Airplane!‘s many references to Airport 1975 doubtless resonated with audiences of the time—and resonate with me, because, improbably, that’s one of my favorite movies. But they’ll probably make little sense to younger viewers encountering Airplane! for the first time through this DVD.
Being an anniversary release, the DVD is loaded with extras. Its menu has the look of an in-flight information card and as you range from one option to the next, soundbites from the movie’s more notable scenes play in the background. (The voice of a panicky passenger shrieking, “I can’t take it anymore!” greets each return to the main menu, so that if you change several options in quick succession, that line, repeated over and over, is all you hear. This strikes me as a fairly grievous miscalculation on the part of the disc encoders.) The edition includes not only commentary and trivia tracks, but also a novel “Long Haul” track, where the movie is frequently interrupted with short interview snippets in which stars, directors, and extras relate factoids and behind-the-scenes insights in the familiar manner of the DVD featurette.
If the DVD’s technology breaks new ground, though, the panoply of features easily outstrips the content available to fill them. Many continuity errors and technical gaffes are noted; many banal stories related about behind-the-scenes non-events; there’s a lot of senseless chuckling among the principals and semi-joking pronouncements that this or that director has at long last run out of things to say; but the stories by and large feel pointless. Two exceptions: the actors portraying two slang-talking passengers—this time the reference is to Shaft—describe the process by which they wrote their own nadsattian dialogue by stringing bits of ‘70s vernacular together; and Zucker, Zucker, and Abrahams reveal that the real inspiration for Airplane! isn’t the aforementioned Airport series but instead an obscure Airplane disaster B-movie from much earlier, Zero Hour (1957).

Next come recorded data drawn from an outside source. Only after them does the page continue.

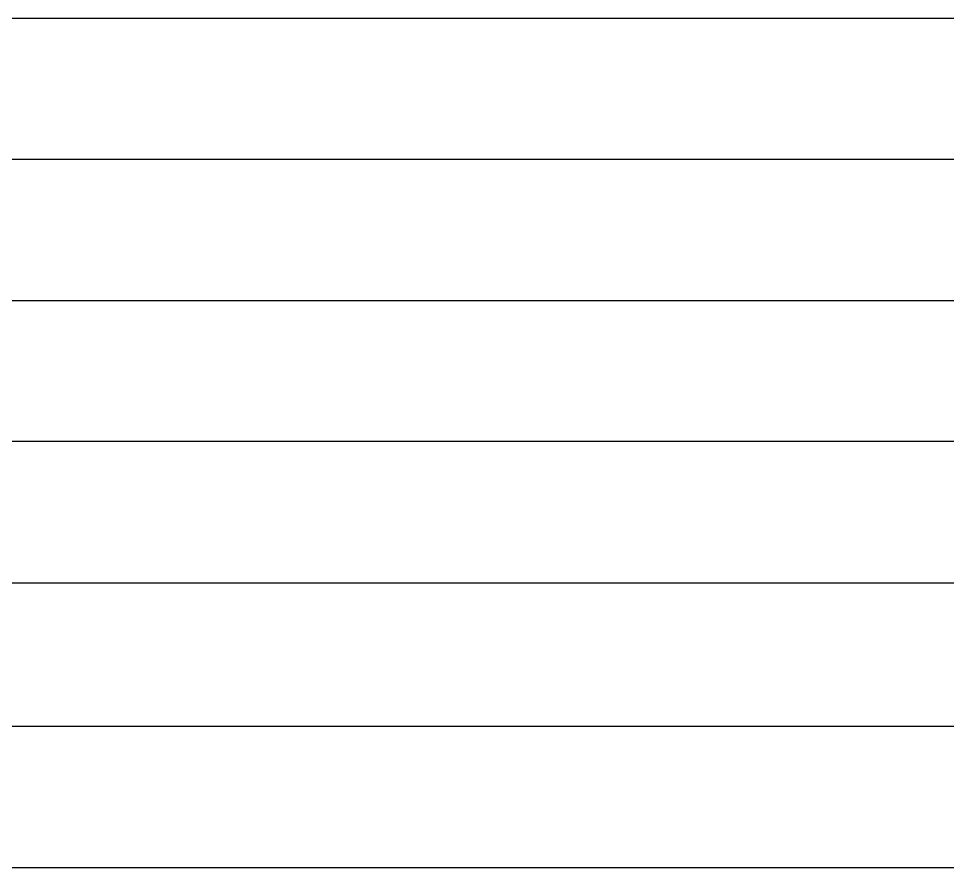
# Model space of a CAD drawing. Extents: x -1789 to 4156, y -3064 to 1391.
# Drawn here: x 3779.2 to 3959.3, y -2493.3 to -2328.7 of the extents above; entities that cross this region are included whole.
import ezdxf

# ---------------------------------------------------------------- set-up
doc = ezdxf.new("R2010")
doc.units = 0
doc.layers.add('1', color=1, linetype='CONTINUOUS')

msp = doc.modelspace()

# ---------------------------------------------------------------- linework, layer by layer
at = {"layer": '1', "linetype": 'Continuous'}
for p, q in [((4106.3209, -2328.65575), (3231.3209, -2328.65575)), ((4106.3209, -2356.0173), (3239.921, -2356.0173)), ((3239.921, -2383.3789), (4106.3209, -2383.3789)), ((4106.3209, -2410.7405), (3239.921, -2410.7405)), ((3239.921, -2438.1021), (4106.3209, -2438.1021)), ((4106.3209, -2465.98215), (3239.921, -2465.98215)), ((3239.921, -2493.34375), (4106.3209, -2493.34375))]:
    msp.add_line(p, q, dxfattribs=at)

doc.saveas('drawing.dxf')

Just because the directors cite Zero Hour as Airplane!‘s fulcrum doesn’t make it true, of course. The references to Saturday Night Fever, Airport 1975, and the rest are still plenty obvious. But it does underscore that Airplane!‘s hodgepodge of movie allusions is likely to look muddled today, since such wholesale borrowing afflicts current movies with the exasperating relentlessness of a facial tic. (Scary Movie 4 is scheduled for release in 2006.)
The “Don’t Call Me Shirley!” Edition also raises the question of Airplane!‘s legacy. And because the movie trades so heavily in previous legacies, it’s a tricky question. The best feature in the Long Haul track is probably when the trio of directors take us through a split-screen tour of the sequences in Airplane! that double sequences from Zero Hour—and do so as slavishly as Gus Van Sant’s 1998 remake of Psycho follows the Hitchcock original. As movies come to refer more and more to other movies, which in turn refer to other ones, subsequent generations will see them as exaggerated reiterations of undifferentiated genres, signifying nothing.